Records from a data source

········

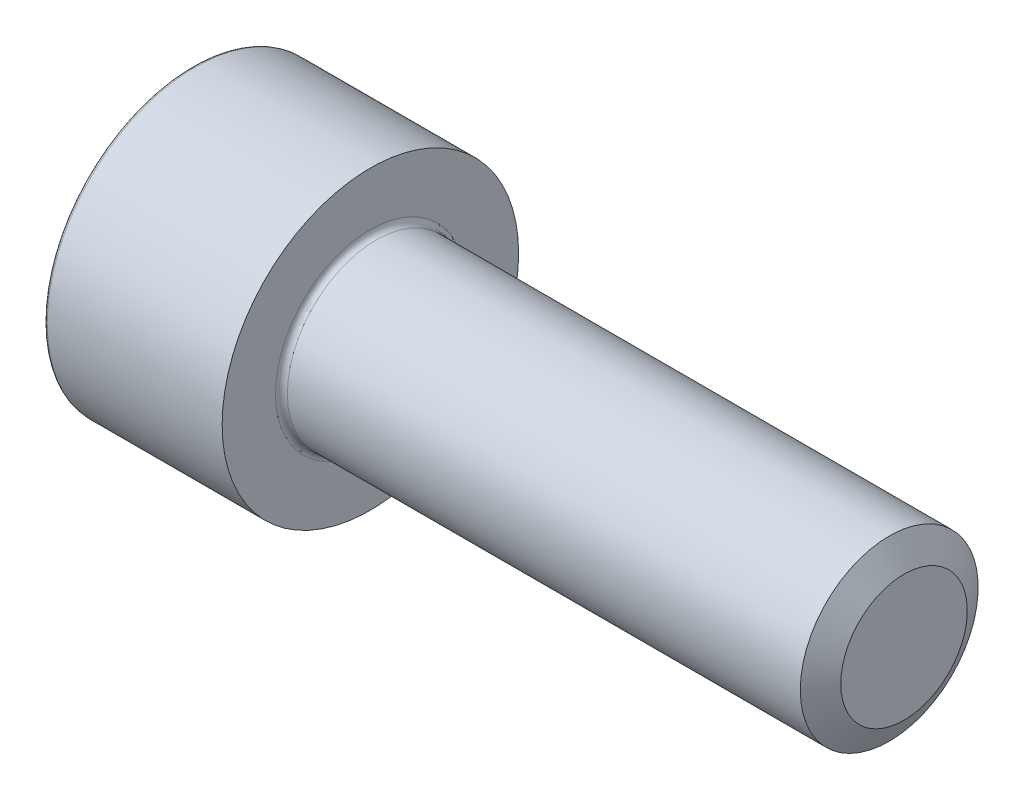
ISO-10303-21;
HEADER;
FILE_DESCRIPTION(('STEP AP214'),'2;1');
FILE_NAME('part.step','',(''),(''),'','','');
FILE_SCHEMA(('AUTOMOTIVE_DESIGN { 1 0 10303 214 1 1 1 1 }'));
ENDSEC;
DATA;
#1=APPLICATION_CONTEXT('core data for automotive mechanical design processes');
#2=APPLICATION_PROTOCOL_DEFINITION('international standard','automotive_design',2000,#1);
#3=PRODUCT_CONTEXT('',#1,'mechanical');
#4=PRODUCT('Part','Part','',(#3));
#5=PRODUCT_RELATED_PRODUCT_CATEGORY('part','',(#4));
#6=PRODUCT_DEFINITION_FORMATION('','',#4);
#7=PRODUCT_DEFINITION_CONTEXT('part definition',#1,'design');
#8=PRODUCT_DEFINITION('design','',#6,#7);
#9=PRODUCT_DEFINITION_SHAPE('','',#8);
#10=(LENGTH_UNIT() NAMED_UNIT(*) SI_UNIT(.MILLI.,.METRE.));
#11=(NAMED_UNIT(*) PLANE_ANGLE_UNIT() SI_UNIT($,.RADIAN.));
#12=(NAMED_UNIT(*) SI_UNIT($,.STERADIAN.) SOLID_ANGLE_UNIT());
#13=UNCERTAINTY_MEASURE_WITH_UNIT(LENGTH_MEASURE(1.E-05),#10,'distance_accuracy_value','');
#14=(GEOMETRIC_REPRESENTATION_CONTEXT(3) GLOBAL_UNCERTAINTY_ASSIGNED_CONTEXT((#13)) GLOBAL_UNIT_ASSIGNED_CONTEXT((#10,
#11,#12)) REPRESENTATION_CONTEXT('',''));
#15=CARTESIAN_POINT('',(0.,0.,0.));
#16=DIRECTION('',(0.,0.,1.));
#17=DIRECTION('',(1.,0.,0.));
#18=AXIS2_PLACEMENT_3D('',#15,#16,#17);
#19=CARTESIAN_POINT('',(0.,0.,0.));
#20=DIRECTION('',(-1.,0.,0.));
#21=DIRECTION('',(0.,0.,1.));
#22=AXIS2_PLACEMENT_3D('',#19,#20,#21);
#23=CYLINDRICAL_SURFACE('',#22,3.);
#24=CARTESIAN_POINT('',(6.2,0.,0.));
#25=DIRECTION('',(-1.,0.,0.));
#26=DIRECTION('',(0.,0.,1.));
#27=AXIS2_PLACEMENT_3D('',#24,#25,#26);
#28=CIRCLE('',#27,3.);
#29=CARTESIAN_POINT('',(6.2,0.,3.));
#30=VERTEX_POINT('',#29);
#31=EDGE_CURVE('E148',#30,#30,#28,.T.);
#32=ORIENTED_EDGE('',*,*,#31,.F.);
#33=EDGE_LOOP('',(#32));
#34=FACE_BOUND('',#33,.T.);
#35=CARTESIAN_POINT('',(23.5000146668818,0.,0.));
#36=DIRECTION('',(-1.,0.,0.));
#37=DIRECTION('',(0.,0.,1.));
#38=AXIS2_PLACEMENT_3D('',#35,#36,#37);
#39=CIRCLE('',#38,3.);
#40=CARTESIAN_POINT('',(23.5000146668818,0.,3.));
#41=VERTEX_POINT('',#40);
#42=EDGE_CURVE('E135',#41,#41,#39,.T.);
#43=ORIENTED_EDGE('',*,*,#42,.T.);
#44=EDGE_LOOP('',(#43));
#45=FACE_BOUND('',#44,.T.);
#46=ADVANCED_FACE('F45',(#34,#45),#23,.T.);
#47=CARTESIAN_POINT('',(0.,0.,0.));
#48=DIRECTION('',(1.,0.,0.));
#49=DIRECTION('',(0.,0.,-1.));
#50=AXIS2_PLACEMENT_3D('',#47,#48,#49);
#51=PLANE('',#50);
#52=CARTESIAN_POINT('',(0.,0.,0.));
#53=DIRECTION('',(1.,0.,0.));
#54=DIRECTION('',(0.,0.,-1.));
#55=AXIS2_PLACEMENT_3D('',#52,#53,#54);
#56=CIRCLE('',#55,4.9);
#57=CARTESIAN_POINT('',(0.,0.,-4.9));
#58=VERTEX_POINT('',#57);
#59=EDGE_CURVE('E53',#58,#58,#56,.F.);
#60=ORIENTED_EDGE('',*,*,#59,.T.);
#61=EDGE_LOOP('',(#60));
#62=FACE_BOUND('',#61,.T.);
#63=DIRECTION('',(0.,0.866025403784439,-0.5));
#64=VECTOR('',#63,1.);
#65=CARTESIAN_POINT('',(0.,0.,2.86));
#66=LINE('',#65,#64);
#67=CARTESIAN_POINT('',(0.,0.,2.86));
#68=VERTEX_POINT('',#67);
#69=CARTESIAN_POINT('',(0.,2.47683265482349,1.43));
#70=VERTEX_POINT('',#69);
#71=EDGE_CURVE('E134',#68,#70,#66,.T.);
#72=ORIENTED_EDGE('',*,*,#71,.F.);
#73=DIRECTION('',(0.,0.866025403784439,0.5));
#74=VECTOR('',#73,1.);
#75=CARTESIAN_POINT('',(0.,-2.47683265482349,1.43));
#76=LINE('',#75,#74);
#77=CARTESIAN_POINT('',(0.,-2.47683265482349,1.43));
#78=VERTEX_POINT('',#77);
#79=EDGE_CURVE('E60',#78,#68,#76,.T.);
#80=ORIENTED_EDGE('',*,*,#79,.F.);
#81=DIRECTION('',(0.,0.,1.));
#82=VECTOR('',#81,1.);
#83=CARTESIAN_POINT('',(0.,-2.47683265482349,-1.43));
#84=LINE('',#83,#82);
#85=CARTESIAN_POINT('',(0.,-2.47683265482349,-1.43));
#86=VERTEX_POINT('',#85);
#87=EDGE_CURVE('E144',#86,#78,#84,.T.);
#88=ORIENTED_EDGE('',*,*,#87,.F.);
#89=DIRECTION('',(0.,-0.866025403784439,0.5));
#90=VECTOR('',#89,1.);
#91=CARTESIAN_POINT('',(0.,0.,-2.86));
#92=LINE('',#91,#90);
#93=CARTESIAN_POINT('',(0.,0.,-2.86));
#94=VERTEX_POINT('',#93);
#95=EDGE_CURVE('E142',#94,#86,#92,.T.);
#96=ORIENTED_EDGE('',*,*,#95,.F.);
#97=DIRECTION('',(0.,-0.866025403784439,-0.5));
#98=VECTOR('',#97,1.);
#99=CARTESIAN_POINT('',(0.,2.47683265482349,-1.43));
#100=LINE('',#99,#98);
#101=CARTESIAN_POINT('',(0.,2.47683265482349,-1.43));
#102=VERTEX_POINT('',#101);
#103=EDGE_CURVE('E108',#102,#94,#100,.T.);
#104=ORIENTED_EDGE('',*,*,#103,.F.);
#105=DIRECTION('',(0.,0.,-1.));
#106=VECTOR('',#105,1.);
#107=CARTESIAN_POINT('',(0.,2.47683265482349,1.43));
#108=LINE('',#107,#106);
#109=EDGE_CURVE('E138',#70,#102,#108,.T.);
#110=ORIENTED_EDGE('',*,*,#109,.F.);
#111=EDGE_LOOP('',(#72,#80,#88,#96,#104,#110));
#112=FACE_BOUND('',#111,.T.);
#113=ADVANCED_FACE('F165',(#62,#112),#51,.F.);
#114=CARTESIAN_POINT('',(0.,0.,0.));
#115=DIRECTION('',(-1.,0.,0.));
#116=DIRECTION('',(0.,0.,1.));
#117=AXIS2_PLACEMENT_3D('',#114,#115,#116);
#118=CYLINDRICAL_SURFACE('',#117,5.);
#119=CARTESIAN_POINT('',(0.1,0.,0.));
#120=DIRECTION('',(1.,0.,0.));
#121=DIRECTION('',(0.,0.,-1.));
#122=AXIS2_PLACEMENT_3D('',#119,#120,#121);
#123=CIRCLE('',#122,5.);
#124=CARTESIAN_POINT('',(0.1,0.,-5.));
#125=VERTEX_POINT('',#124);
#126=EDGE_CURVE('E11',#125,#125,#123,.T.);
#127=ORIENTED_EDGE('',*,*,#126,.T.);
#128=EDGE_LOOP('',(#127));
#129=FACE_BOUND('',#128,.T.);
#130=CARTESIAN_POINT('',(6.,0.,0.));
#131=DIRECTION('',(-1.,0.,0.));
#132=DIRECTION('',(0.,0.,1.));
#133=AXIS2_PLACEMENT_3D('',#130,#131,#132);
#134=CIRCLE('',#133,5.);
#135=CARTESIAN_POINT('',(6.,0.,5.));
#136=VERTEX_POINT('',#135);
#137=EDGE_CURVE('E159',#136,#136,#134,.T.);
#138=ORIENTED_EDGE('',*,*,#137,.T.);
#139=EDGE_LOOP('',(#138));
#140=FACE_BOUND('',#139,.T.);
#141=ADVANCED_FACE('F186',(#129,#140),#118,.T.);
#142=CARTESIAN_POINT('',(6.,5.,0.));
#143=DIRECTION('',(-1.,0.,0.));
#144=DIRECTION('',(0.,0.,1.));
#145=AXIS2_PLACEMENT_3D('',#142,#143,#144);
#146=PLANE('',#145);
#147=ORIENTED_EDGE('',*,*,#137,.F.);
#148=EDGE_LOOP('',(#147));
#149=FACE_BOUND('',#148,.T.);
#150=CARTESIAN_POINT('',(6.,0.,0.));
#151=DIRECTION('',(-1.,0.,0.));
#152=DIRECTION('',(0.,0.,1.));
#153=AXIS2_PLACEMENT_3D('',#150,#151,#152);
#154=CIRCLE('',#153,3.2);
#155=CARTESIAN_POINT('',(6.,0.,3.2));
#156=VERTEX_POINT('',#155);
#157=EDGE_CURVE('E156',#156,#156,#154,.T.);
#158=ORIENTED_EDGE('',*,*,#157,.T.);
#159=EDGE_LOOP('',(#158));
#160=FACE_BOUND('',#159,.T.);
#161=ADVANCED_FACE('F195',(#149,#160),#146,.F.);
#162=CARTESIAN_POINT('',(6.2,0.,0.));
#163=DIRECTION('',(-1.,0.,0.));
#164=DIRECTION('',(0.,0.,1.));
#165=AXIS2_PLACEMENT_3D('',#162,#163,#164);
#166=TOROIDAL_SURFACE('',#165,3.2,0.2);
#167=ORIENTED_EDGE('',*,*,#157,.F.);
#168=EDGE_LOOP('',(#167));
#169=FACE_BOUND('',#168,.T.);
#170=ORIENTED_EDGE('',*,*,#31,.T.);
#171=EDGE_LOOP('',(#170));
#172=FACE_BOUND('',#171,.T.);
#173=ADVANCED_FACE('F191',(#169,#172),#166,.F.);
#174=CARTESIAN_POINT('',(3.,-2.47683265482349,1.43));
#175=DIRECTION('',(0.,-0.5,0.866025403784439));
#176=DIRECTION('',(0.,-0.866025403784439,-0.5));
#177=AXIS2_PLACEMENT_3D('',#174,#175,#176);
#178=PLANE('',#177);
#179=ORIENTED_EDGE('',*,*,#79,.T.);
#180=DIRECTION('',(-1.,0.,0.));
#181=VECTOR('',#180,1.);
#182=CARTESIAN_POINT('',(3.,0.,2.86));
#183=LINE('',#182,#181);
#184=CARTESIAN_POINT('',(3.,0.,2.86));
#185=VERTEX_POINT('',#184);
#186=EDGE_CURVE('E90',#185,#68,#183,.T.);
#187=ORIENTED_EDGE('',*,*,#186,.F.);
#188=DIRECTION('',(0.,0.866025403784439,0.5));
#189=VECTOR('',#188,1.);
#190=CARTESIAN_POINT('',(3.,-2.47683265482349,1.43));
#191=LINE('',#190,#189);
#192=CARTESIAN_POINT('',(3.,-2.47683265482349,1.43));
#193=VERTEX_POINT('',#192);
#194=EDGE_CURVE('E146',#193,#185,#191,.T.);
#195=ORIENTED_EDGE('',*,*,#194,.F.);
#196=DIRECTION('',(-1.,0.,0.));
#197=VECTOR('',#196,1.);
#198=CARTESIAN_POINT('',(3.,-2.47683265482349,1.43));
#199=LINE('',#198,#197);
#200=EDGE_CURVE('E68',#193,#78,#199,.T.);
#201=ORIENTED_EDGE('',*,*,#200,.T.);
#202=EDGE_LOOP('',(#179,#187,#195,#201));
#203=FACE_BOUND('',#202,.T.);
#204=ADVANCED_FACE('F194',(#203),#178,.F.);
#205=CARTESIAN_POINT('',(3.,-2.47683265482349,-1.43));
#206=DIRECTION('',(0.,-1.,0.));
#207=DIRECTION('',(0.,0.,-1.));
#208=AXIS2_PLACEMENT_3D('',#205,#206,#207);
#209=PLANE('',#208);
#210=ORIENTED_EDGE('',*,*,#87,.T.);
#211=ORIENTED_EDGE('',*,*,#200,.F.);
#212=DIRECTION('',(0.,0.,1.));
#213=VECTOR('',#212,1.);
#214=CARTESIAN_POINT('',(3.,-2.47683265482349,-1.43));
#215=LINE('',#214,#213);
#216=CARTESIAN_POINT('',(3.,-2.47683265482349,-1.43));
#217=VERTEX_POINT('',#216);
#218=EDGE_CURVE('E120',#217,#193,#215,.T.);
#219=ORIENTED_EDGE('',*,*,#218,.F.);
#220=DIRECTION('',(-1.,0.,0.));
#221=VECTOR('',#220,1.);
#222=CARTESIAN_POINT('',(3.,-2.47683265482349,-1.43));
#223=LINE('',#222,#221);
#224=EDGE_CURVE('E112',#217,#86,#223,.T.);
#225=ORIENTED_EDGE('',*,*,#224,.T.);
#226=EDGE_LOOP('',(#210,#211,#219,#225));
#227=FACE_BOUND('',#226,.T.);
#228=ADVANCED_FACE('F265',(#227),#209,.F.);
#229=CARTESIAN_POINT('',(3.,0.,-2.86));
#230=DIRECTION('',(0.,-0.5,-0.866025403784438));
#231=DIRECTION('',(0.,0.866025403784439,-0.5));
#232=AXIS2_PLACEMENT_3D('',#229,#230,#231);
#233=PLANE('',#232);
#234=ORIENTED_EDGE('',*,*,#95,.T.);
#235=ORIENTED_EDGE('',*,*,#224,.F.);
#236=DIRECTION('',(0.,-0.866025403784439,0.5));
#237=VECTOR('',#236,1.);
#238=CARTESIAN_POINT('',(3.,0.,-2.86));
#239=LINE('',#238,#237);
#240=CARTESIAN_POINT('',(3.,0.,-2.86));
#241=VERTEX_POINT('',#240);
#242=EDGE_CURVE('E116',#241,#217,#239,.T.);
#243=ORIENTED_EDGE('',*,*,#242,.F.);
#244=DIRECTION('',(-1.,0.,0.));
#245=VECTOR('',#244,1.);
#246=CARTESIAN_POINT('',(3.,0.,-2.86));
#247=LINE('',#246,#245);
#248=EDGE_CURVE('E101',#241,#94,#247,.T.);
#249=ORIENTED_EDGE('',*,*,#248,.T.);
#250=EDGE_LOOP('',(#234,#235,#243,#249));
#251=FACE_BOUND('',#250,.T.);
#252=ADVANCED_FACE('F117',(#251),#233,.F.);
#253=CARTESIAN_POINT('',(3.,2.47683265482349,-1.43));
#254=DIRECTION('',(0.,0.5,-0.866025403784439));
#255=DIRECTION('',(0.,0.866025403784439,0.5));
#256=AXIS2_PLACEMENT_3D('',#253,#254,#255);
#257=PLANE('',#256);
#258=ORIENTED_EDGE('',*,*,#103,.T.);
#259=ORIENTED_EDGE('',*,*,#248,.F.);
#260=DIRECTION('',(0.,-0.866025403784439,-0.5));
#261=VECTOR('',#260,1.);
#262=CARTESIAN_POINT('',(3.,2.47683265482349,-1.43));
#263=LINE('',#262,#261);
#264=CARTESIAN_POINT('',(3.,2.47683265482349,-1.43));
#265=VERTEX_POINT('',#264);
#266=EDGE_CURVE('E105',#265,#241,#263,.T.);
#267=ORIENTED_EDGE('',*,*,#266,.F.);
#268=DIRECTION('',(-1.,0.,0.));
#269=VECTOR('',#268,1.);
#270=CARTESIAN_POINT('',(3.,2.47683265482349,-1.43));
#271=LINE('',#270,#269);
#272=EDGE_CURVE('E113',#265,#102,#271,.T.);
#273=ORIENTED_EDGE('',*,*,#272,.T.);
#274=EDGE_LOOP('',(#258,#259,#267,#273));
#275=FACE_BOUND('',#274,.T.);
#276=ADVANCED_FACE('F103',(#275),#257,.F.);
#277=CARTESIAN_POINT('',(3.,2.47683265482349,1.43));
#278=DIRECTION('',(0.,1.,0.));
#279=DIRECTION('',(0.,0.,1.));
#280=AXIS2_PLACEMENT_3D('',#277,#278,#279);
#281=PLANE('',#280);
#282=ORIENTED_EDGE('',*,*,#109,.T.);
#283=ORIENTED_EDGE('',*,*,#272,.F.);
#284=DIRECTION('',(0.,0.,-1.));
#285=VECTOR('',#284,1.);
#286=CARTESIAN_POINT('',(3.,2.47683265482349,1.43));
#287=LINE('',#286,#285);
#288=CARTESIAN_POINT('',(3.,2.47683265482349,1.43));
#289=VERTEX_POINT('',#288);
#290=EDGE_CURVE('E126',#289,#265,#287,.T.);
#291=ORIENTED_EDGE('',*,*,#290,.F.);
#292=DIRECTION('',(-1.,0.,0.));
#293=VECTOR('',#292,1.);
#294=CARTESIAN_POINT('',(3.,2.47683265482349,1.43));
#295=LINE('',#294,#293);
#296=EDGE_CURVE('E151',#289,#70,#295,.T.);
#297=ORIENTED_EDGE('',*,*,#296,.T.);
#298=EDGE_LOOP('',(#282,#283,#291,#297));
#299=FACE_BOUND('',#298,.T.);
#300=ADVANCED_FACE('F244',(#299),#281,.F.);
#301=CARTESIAN_POINT('',(3.,0.,2.86));
#302=DIRECTION('',(0.,0.5,0.866025403784438));
#303=DIRECTION('',(0.,-0.866025403784439,0.5));
#304=AXIS2_PLACEMENT_3D('',#301,#302,#303);
#305=PLANE('',#304);
#306=ORIENTED_EDGE('',*,*,#71,.T.);
#307=ORIENTED_EDGE('',*,*,#296,.F.);
#308=DIRECTION('',(0.,0.866025403784439,-0.5));
#309=VECTOR('',#308,1.);
#310=CARTESIAN_POINT('',(3.,0.,2.86));
#311=LINE('',#310,#309);
#312=EDGE_CURVE('E128',#185,#289,#311,.T.);
#313=ORIENTED_EDGE('',*,*,#312,.F.);
#314=ORIENTED_EDGE('',*,*,#186,.T.);
#315=EDGE_LOOP('',(#306,#307,#313,#314));
#316=FACE_BOUND('',#315,.T.);
#317=ADVANCED_FACE('F237',(#316),#305,.F.);
#318=CARTESIAN_POINT('',(3.,-2.47683265482349,1.43));
#319=DIRECTION('',(1.,0.,0.));
#320=DIRECTION('',(0.,0.,-1.));
#321=AXIS2_PLACEMENT_3D('',#318,#319,#320);
#322=PLANE('',#321);
#323=ORIENTED_EDGE('',*,*,#194,.T.);
#324=ORIENTED_EDGE('',*,*,#312,.T.);
#325=ORIENTED_EDGE('',*,*,#290,.T.);
#326=ORIENTED_EDGE('',*,*,#266,.T.);
#327=ORIENTED_EDGE('',*,*,#242,.T.);
#328=ORIENTED_EDGE('',*,*,#218,.T.);
#329=EDGE_LOOP('',(#323,#324,#325,#326,#327,#328));
#330=FACE_BOUND('',#329,.T.);
#331=ADVANCED_FACE('F123',(#330),#322,.F.);
#332=CARTESIAN_POINT('',(23.5000146668818,0.,0.));
#333=DIRECTION('',(-1.,0.,0.));
#334=DIRECTION('',(0.,0.,1.));
#335=AXIS2_PLACEMENT_3D('',#332,#333,#334);
#336=CONICAL_SURFACE('',#335,3.,1.0471975511966);
#337=CARTESIAN_POINT('',(24.,0.,0.));
#338=DIRECTION('',(-1.,0.,0.));
#339=DIRECTION('',(0.,0.,1.));
#340=AXIS2_PLACEMENT_3D('',#337,#338,#339);
#341=CIRCLE('',#340,2.134);
#342=CARTESIAN_POINT('',(24.,0.,2.134));
#343=VERTEX_POINT('',#342);
#344=EDGE_CURVE('E295',#343,#343,#341,.T.);
#345=ORIENTED_EDGE('',*,*,#344,.T.);
#346=EDGE_LOOP('',(#345));
#347=FACE_BOUND('',#346,.T.);
#348=ORIENTED_EDGE('',*,*,#42,.F.);
#349=EDGE_LOOP('',(#348));
#350=FACE_BOUND('',#349,.T.);
#351=ADVANCED_FACE('F175',(#347,#350),#336,.T.);
#352=CARTESIAN_POINT('',(24.,3.,0.));
#353=DIRECTION('',(-1.,0.,0.));
#354=DIRECTION('',(0.,0.,1.));
#355=AXIS2_PLACEMENT_3D('',#352,#353,#354);
#356=PLANE('',#355);
#357=ORIENTED_EDGE('',*,*,#344,.F.);
#358=EDGE_LOOP('',(#357));
#359=FACE_BOUND('',#358,.T.);
#360=ADVANCED_FACE('F169',(#359),#356,.F.);
#361=CARTESIAN_POINT('',(0.1,0.,0.));
#362=DIRECTION('',(1.,0.,0.));
#363=DIRECTION('',(0.,0.,-1.));
#364=AXIS2_PLACEMENT_3D('',#361,#362,#363);
#365=TOROIDAL_SURFACE('',#364,4.9,0.1);
#366=ORIENTED_EDGE('',*,*,#126,.F.);
#367=EDGE_LOOP('',(#366));
#368=FACE_BOUND('',#367,.T.);
#369=ORIENTED_EDGE('',*,*,#59,.F.);
#370=EDGE_LOOP('',(#369));
#371=FACE_BOUND('',#370,.T.);
#372=ADVANCED_FACE('F47',(#368,#371),#365,.T.);
#373=CLOSED_SHELL('',(#46,#113,#141,#161,#173,#204,#228,#252,#276,#300,#317,#331,#351,#360,#372));
#374=MANIFOLD_SOLID_BREP('B2',#373);
#375=ADVANCED_BREP_SHAPE_REPRESENTATION('',(#18,#374),#14);
#376=SHAPE_DEFINITION_REPRESENTATION(#9,#375);
ENDSEC;
END-ISO-10303-21;

········

#### [Exercise details]
Starting with the line with "#312=EDGE_CURVE('E128',#185,#289,#311,.T.);" above and going on through the line with "#322=PLANE('',#321);", transcribe every line exactly, both ends included, and add nothing.

#### [Your solution]
#312=EDGE_CURVE('E128',#185,#289,#311,.T.);
#313=ORIENTED_EDGE('',*,*,#312,.F.);
#314=ORIENTED_EDGE('',*,*,#186,.T.);
#315=EDGE_LOOP('',(#306,#307,#313,#314));
#316=FACE_BOUND('',#315,.T.);
#317=ADVANCED_FACE('F237',(#316),#305,.F.);
#318=CARTESIAN_POINT('',(3.,-2.47683265482349,1.43));
#319=DIRECTION('',(1.,0.,0.));
#320=DIRECTION('',(0.,0.,-1.));
#321=AXIS2_PLACEMENT_3D('',#318,#319,#320);
#322=PLANE('',#321);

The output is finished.